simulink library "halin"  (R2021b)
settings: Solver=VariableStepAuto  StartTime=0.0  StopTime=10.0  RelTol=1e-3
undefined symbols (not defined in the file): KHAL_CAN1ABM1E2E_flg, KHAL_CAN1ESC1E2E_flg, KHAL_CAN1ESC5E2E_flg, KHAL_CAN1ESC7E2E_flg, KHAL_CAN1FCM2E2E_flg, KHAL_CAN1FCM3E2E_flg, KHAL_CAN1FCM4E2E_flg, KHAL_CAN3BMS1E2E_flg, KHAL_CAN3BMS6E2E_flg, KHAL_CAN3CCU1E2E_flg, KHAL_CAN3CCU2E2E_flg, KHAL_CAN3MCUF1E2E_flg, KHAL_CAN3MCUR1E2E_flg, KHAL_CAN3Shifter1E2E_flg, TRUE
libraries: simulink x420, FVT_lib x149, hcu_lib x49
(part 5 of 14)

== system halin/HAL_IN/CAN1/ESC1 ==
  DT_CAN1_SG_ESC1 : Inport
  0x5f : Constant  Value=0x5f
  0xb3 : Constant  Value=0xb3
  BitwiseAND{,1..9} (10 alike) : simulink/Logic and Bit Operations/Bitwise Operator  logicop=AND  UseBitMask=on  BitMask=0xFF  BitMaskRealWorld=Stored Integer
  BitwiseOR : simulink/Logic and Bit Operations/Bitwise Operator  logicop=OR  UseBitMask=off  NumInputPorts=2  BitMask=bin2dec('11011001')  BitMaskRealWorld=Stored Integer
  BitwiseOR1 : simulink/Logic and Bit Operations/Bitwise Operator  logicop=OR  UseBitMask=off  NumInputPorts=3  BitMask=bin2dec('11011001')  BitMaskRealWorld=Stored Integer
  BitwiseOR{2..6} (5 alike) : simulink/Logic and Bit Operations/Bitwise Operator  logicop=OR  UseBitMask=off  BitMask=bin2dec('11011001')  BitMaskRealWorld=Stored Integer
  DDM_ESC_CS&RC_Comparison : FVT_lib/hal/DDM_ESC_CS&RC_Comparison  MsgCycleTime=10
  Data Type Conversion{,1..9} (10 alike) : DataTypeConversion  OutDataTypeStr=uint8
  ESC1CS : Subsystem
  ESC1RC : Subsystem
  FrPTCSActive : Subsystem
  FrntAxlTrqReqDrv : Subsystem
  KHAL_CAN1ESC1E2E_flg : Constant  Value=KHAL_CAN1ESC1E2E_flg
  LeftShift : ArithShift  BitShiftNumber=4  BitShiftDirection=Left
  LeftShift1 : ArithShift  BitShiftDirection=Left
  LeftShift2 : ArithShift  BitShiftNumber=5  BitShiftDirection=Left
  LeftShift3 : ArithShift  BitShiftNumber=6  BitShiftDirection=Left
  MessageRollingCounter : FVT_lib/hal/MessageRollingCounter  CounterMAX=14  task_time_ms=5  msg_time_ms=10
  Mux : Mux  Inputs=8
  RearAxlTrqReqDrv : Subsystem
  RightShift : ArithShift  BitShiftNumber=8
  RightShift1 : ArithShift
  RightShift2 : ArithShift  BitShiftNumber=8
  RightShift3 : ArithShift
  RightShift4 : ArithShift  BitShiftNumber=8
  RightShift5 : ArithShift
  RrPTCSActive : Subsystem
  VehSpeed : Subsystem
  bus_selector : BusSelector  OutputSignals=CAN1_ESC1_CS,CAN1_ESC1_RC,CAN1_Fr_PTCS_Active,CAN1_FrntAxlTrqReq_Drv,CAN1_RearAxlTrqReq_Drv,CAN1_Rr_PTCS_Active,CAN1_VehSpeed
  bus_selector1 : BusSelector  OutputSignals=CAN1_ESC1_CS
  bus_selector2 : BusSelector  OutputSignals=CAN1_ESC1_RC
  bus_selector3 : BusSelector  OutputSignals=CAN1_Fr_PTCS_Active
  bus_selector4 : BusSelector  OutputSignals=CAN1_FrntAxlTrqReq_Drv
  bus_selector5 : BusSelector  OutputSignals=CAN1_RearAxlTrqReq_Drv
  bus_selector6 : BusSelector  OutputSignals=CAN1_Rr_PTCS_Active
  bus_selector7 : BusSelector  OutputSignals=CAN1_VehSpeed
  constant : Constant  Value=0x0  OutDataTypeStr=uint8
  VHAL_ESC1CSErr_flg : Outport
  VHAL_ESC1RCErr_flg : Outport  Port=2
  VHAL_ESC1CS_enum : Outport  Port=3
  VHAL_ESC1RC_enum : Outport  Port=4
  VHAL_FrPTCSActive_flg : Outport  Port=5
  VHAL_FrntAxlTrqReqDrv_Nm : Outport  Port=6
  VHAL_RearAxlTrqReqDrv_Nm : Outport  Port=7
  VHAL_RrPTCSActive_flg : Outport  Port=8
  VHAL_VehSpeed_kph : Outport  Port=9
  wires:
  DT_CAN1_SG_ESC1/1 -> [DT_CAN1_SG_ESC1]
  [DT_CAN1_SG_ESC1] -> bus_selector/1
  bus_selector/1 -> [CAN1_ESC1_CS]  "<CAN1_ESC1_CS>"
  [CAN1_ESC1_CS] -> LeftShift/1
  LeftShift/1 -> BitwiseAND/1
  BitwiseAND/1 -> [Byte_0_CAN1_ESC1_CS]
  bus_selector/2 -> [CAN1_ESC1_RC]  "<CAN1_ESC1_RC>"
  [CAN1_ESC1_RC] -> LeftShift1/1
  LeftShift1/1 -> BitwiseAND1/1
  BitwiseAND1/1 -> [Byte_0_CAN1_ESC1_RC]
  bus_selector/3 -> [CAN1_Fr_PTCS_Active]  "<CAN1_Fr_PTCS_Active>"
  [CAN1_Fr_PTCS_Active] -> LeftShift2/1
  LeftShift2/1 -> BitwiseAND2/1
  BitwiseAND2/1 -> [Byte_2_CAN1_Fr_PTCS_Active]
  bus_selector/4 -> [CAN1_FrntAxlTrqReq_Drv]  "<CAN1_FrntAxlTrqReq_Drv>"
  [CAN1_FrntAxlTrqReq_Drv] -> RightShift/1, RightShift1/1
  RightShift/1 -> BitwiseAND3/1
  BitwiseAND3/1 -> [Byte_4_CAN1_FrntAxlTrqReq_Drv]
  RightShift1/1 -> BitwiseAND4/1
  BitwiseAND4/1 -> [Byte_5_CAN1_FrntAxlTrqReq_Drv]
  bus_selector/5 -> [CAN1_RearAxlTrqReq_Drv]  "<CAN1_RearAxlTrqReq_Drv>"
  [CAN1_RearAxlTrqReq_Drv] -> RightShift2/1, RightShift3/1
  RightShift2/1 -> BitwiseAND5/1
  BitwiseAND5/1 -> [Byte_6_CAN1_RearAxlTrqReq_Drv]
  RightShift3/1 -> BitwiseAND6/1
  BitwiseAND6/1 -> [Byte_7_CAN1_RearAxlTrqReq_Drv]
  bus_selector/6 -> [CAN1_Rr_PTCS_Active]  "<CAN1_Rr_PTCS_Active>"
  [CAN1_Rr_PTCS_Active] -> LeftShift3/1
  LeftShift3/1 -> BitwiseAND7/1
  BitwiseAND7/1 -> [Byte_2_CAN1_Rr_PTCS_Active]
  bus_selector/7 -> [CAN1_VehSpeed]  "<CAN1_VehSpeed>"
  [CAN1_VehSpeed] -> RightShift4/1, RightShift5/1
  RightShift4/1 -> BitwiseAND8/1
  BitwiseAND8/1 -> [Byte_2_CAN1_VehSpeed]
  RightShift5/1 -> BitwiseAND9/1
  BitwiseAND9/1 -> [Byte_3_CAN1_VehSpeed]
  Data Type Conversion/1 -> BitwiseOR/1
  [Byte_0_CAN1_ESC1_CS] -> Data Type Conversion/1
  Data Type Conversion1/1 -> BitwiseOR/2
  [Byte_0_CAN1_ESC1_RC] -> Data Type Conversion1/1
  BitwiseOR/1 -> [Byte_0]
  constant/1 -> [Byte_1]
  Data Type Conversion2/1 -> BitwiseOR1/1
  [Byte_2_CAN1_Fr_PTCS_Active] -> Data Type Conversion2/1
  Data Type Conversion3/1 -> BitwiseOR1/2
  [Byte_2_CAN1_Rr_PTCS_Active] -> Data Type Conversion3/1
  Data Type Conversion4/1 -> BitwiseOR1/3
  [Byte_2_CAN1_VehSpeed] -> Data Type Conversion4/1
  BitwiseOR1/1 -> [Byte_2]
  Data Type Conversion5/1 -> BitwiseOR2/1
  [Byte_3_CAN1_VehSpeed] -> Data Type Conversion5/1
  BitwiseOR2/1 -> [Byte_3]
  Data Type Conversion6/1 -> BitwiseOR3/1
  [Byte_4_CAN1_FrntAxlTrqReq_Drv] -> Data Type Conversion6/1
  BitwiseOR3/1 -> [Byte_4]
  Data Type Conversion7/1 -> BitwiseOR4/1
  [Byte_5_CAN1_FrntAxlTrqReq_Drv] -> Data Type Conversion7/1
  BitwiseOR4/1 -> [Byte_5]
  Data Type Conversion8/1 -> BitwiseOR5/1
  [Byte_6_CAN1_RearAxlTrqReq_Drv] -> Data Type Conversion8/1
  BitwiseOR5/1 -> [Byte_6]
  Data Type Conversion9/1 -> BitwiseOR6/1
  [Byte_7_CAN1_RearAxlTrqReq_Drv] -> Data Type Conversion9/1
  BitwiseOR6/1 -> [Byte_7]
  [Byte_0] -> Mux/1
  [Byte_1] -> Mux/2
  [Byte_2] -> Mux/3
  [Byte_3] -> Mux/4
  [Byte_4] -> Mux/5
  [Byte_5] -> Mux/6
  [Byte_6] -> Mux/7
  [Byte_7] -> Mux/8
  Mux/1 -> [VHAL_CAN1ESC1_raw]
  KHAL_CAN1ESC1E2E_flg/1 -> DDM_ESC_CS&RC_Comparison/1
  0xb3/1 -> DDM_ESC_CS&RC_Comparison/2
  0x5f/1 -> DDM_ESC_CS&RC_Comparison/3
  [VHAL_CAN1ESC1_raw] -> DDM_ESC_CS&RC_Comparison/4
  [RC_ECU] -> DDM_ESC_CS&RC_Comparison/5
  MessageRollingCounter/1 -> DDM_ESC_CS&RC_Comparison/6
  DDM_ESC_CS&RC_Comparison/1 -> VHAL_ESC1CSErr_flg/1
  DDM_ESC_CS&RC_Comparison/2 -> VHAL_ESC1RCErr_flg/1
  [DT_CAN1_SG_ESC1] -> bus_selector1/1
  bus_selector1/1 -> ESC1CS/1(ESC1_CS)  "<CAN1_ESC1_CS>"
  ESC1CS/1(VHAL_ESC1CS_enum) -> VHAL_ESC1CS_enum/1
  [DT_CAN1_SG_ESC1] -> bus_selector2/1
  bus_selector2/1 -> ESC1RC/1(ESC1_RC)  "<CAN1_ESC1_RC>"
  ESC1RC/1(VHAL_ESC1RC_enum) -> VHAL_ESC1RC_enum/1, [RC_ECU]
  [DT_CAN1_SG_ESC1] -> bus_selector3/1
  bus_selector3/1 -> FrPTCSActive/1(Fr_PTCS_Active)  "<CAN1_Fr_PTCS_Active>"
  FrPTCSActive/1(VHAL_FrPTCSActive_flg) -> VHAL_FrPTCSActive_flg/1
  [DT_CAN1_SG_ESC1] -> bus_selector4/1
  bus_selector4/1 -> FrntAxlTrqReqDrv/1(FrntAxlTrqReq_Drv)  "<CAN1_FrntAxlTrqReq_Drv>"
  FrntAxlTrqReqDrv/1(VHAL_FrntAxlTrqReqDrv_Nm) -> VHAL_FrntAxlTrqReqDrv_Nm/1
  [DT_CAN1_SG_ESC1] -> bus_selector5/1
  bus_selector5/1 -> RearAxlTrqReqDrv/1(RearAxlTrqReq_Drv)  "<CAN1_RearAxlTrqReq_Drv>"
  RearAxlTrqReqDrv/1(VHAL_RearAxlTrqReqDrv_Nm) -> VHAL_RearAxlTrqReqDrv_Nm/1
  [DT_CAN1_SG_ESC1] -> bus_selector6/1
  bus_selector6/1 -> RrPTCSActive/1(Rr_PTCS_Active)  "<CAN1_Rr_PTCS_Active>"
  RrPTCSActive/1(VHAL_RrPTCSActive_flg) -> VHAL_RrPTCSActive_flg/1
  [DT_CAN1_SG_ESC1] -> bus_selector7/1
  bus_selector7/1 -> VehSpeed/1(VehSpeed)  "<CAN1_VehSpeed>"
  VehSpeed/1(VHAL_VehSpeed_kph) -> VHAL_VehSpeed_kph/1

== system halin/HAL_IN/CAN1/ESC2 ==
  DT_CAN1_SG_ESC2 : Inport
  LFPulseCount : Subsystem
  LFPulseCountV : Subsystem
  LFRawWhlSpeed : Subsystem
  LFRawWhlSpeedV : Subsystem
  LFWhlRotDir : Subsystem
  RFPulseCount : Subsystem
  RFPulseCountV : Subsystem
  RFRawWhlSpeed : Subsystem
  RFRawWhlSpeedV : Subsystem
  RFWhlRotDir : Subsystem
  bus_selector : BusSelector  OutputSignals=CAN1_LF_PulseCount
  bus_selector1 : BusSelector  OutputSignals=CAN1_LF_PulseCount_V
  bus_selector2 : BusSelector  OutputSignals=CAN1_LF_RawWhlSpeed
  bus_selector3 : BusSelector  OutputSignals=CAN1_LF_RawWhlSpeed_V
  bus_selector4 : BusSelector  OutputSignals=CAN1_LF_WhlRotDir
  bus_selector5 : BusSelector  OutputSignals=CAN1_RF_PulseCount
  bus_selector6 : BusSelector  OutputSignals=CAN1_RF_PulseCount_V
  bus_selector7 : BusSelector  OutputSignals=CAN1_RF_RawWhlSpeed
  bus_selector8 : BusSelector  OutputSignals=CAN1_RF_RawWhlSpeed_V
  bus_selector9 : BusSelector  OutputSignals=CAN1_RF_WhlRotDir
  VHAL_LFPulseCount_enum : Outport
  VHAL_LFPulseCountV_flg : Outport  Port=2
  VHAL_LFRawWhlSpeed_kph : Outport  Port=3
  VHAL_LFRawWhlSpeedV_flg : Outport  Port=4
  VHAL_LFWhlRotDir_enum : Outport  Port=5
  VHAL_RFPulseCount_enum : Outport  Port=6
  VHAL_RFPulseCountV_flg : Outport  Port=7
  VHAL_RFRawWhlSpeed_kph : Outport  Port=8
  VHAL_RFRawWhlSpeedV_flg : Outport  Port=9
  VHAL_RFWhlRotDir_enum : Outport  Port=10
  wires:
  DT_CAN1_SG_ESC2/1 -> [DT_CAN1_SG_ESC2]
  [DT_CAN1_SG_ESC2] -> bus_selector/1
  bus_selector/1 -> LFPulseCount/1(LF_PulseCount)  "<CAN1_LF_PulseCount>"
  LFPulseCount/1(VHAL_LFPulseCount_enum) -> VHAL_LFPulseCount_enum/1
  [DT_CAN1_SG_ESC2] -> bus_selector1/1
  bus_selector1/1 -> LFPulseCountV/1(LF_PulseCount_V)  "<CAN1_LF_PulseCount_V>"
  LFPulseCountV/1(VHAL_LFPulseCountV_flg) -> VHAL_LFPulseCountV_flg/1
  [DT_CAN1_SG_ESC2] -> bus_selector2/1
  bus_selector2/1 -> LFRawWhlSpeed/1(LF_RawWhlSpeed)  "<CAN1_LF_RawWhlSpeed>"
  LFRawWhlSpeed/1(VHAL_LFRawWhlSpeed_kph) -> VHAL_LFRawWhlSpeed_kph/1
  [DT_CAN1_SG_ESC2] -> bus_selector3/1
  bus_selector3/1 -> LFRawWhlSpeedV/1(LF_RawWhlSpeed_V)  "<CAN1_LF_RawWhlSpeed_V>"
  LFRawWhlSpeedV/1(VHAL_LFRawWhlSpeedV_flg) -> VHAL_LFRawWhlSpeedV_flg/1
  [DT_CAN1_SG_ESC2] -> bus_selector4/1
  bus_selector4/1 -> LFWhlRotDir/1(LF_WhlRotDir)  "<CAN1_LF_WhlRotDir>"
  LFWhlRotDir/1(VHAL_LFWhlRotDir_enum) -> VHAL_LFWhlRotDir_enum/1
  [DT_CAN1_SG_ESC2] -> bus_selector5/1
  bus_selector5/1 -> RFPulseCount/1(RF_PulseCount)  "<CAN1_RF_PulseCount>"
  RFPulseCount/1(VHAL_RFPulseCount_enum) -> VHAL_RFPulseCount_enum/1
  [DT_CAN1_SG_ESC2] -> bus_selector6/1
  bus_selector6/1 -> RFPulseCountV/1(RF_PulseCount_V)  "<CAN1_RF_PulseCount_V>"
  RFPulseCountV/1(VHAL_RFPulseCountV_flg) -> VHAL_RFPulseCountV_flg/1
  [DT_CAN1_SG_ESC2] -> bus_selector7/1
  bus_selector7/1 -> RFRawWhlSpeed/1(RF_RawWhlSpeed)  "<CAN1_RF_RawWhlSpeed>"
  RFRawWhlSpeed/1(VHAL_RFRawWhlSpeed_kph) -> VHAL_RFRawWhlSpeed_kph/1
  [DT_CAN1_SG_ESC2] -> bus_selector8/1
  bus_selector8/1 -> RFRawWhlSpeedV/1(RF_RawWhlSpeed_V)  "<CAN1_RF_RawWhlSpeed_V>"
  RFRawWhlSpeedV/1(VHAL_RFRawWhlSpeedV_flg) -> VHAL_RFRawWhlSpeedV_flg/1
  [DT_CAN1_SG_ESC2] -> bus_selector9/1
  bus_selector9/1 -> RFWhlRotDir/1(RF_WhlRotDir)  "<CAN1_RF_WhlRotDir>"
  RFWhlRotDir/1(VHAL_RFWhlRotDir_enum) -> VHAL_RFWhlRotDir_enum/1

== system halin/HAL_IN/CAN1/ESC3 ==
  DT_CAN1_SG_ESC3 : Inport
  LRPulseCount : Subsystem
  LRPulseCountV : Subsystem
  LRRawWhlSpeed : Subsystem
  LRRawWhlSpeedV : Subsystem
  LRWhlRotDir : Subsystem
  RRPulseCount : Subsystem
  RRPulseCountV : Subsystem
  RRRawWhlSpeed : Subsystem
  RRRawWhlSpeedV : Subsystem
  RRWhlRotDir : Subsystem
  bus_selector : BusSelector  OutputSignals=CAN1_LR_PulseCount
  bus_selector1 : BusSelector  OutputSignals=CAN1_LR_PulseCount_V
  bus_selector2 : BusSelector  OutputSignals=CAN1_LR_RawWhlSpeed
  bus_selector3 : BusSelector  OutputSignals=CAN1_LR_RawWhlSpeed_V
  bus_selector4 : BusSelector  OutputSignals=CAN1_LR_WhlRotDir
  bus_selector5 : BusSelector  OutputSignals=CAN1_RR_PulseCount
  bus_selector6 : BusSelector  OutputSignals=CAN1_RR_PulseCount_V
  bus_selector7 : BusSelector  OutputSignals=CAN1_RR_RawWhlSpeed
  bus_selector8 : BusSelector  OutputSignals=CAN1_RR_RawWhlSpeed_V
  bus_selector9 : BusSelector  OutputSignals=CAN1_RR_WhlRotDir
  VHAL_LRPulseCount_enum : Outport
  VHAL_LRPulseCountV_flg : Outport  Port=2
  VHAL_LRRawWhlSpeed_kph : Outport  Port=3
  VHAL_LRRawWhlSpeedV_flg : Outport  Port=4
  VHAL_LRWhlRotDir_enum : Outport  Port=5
━━━━━━━━━━━━━━━━━━━━
Exercise description: Pull out each line of the listing that holds the string "BitMaskRealWorld".

Exercise output:
  BitwiseAND{,1..9} (10 alike) : simulink/Logic and Bit Operations/Bitwise Operator  logicop=AND  UseBitMask=on  BitMask=0xFF  BitMaskRealWorld=Stored Integer
  BitwiseOR : simulink/Logic and Bit Operations/Bitwise Operator  logicop=OR  UseBitMask=off  NumInputPorts=2  BitMask=bin2dec('11011001')  BitMaskRealWorld=Stored Integer
  BitwiseOR1 : simulink/Logic and Bit Operations/Bitwise Operator  logicop=OR  UseBitMask=off  NumInputPorts=3  BitMask=bin2dec('11011001')  BitMaskRealWorld=Stored Integer
  BitwiseOR{2..6} (5 alike) : simulink/Logic and Bit Operations/Bitwise Operator  logicop=OR  UseBitMask=off  BitMask=bin2dec('11011001')  BitMaskRealWorld=Stored Integer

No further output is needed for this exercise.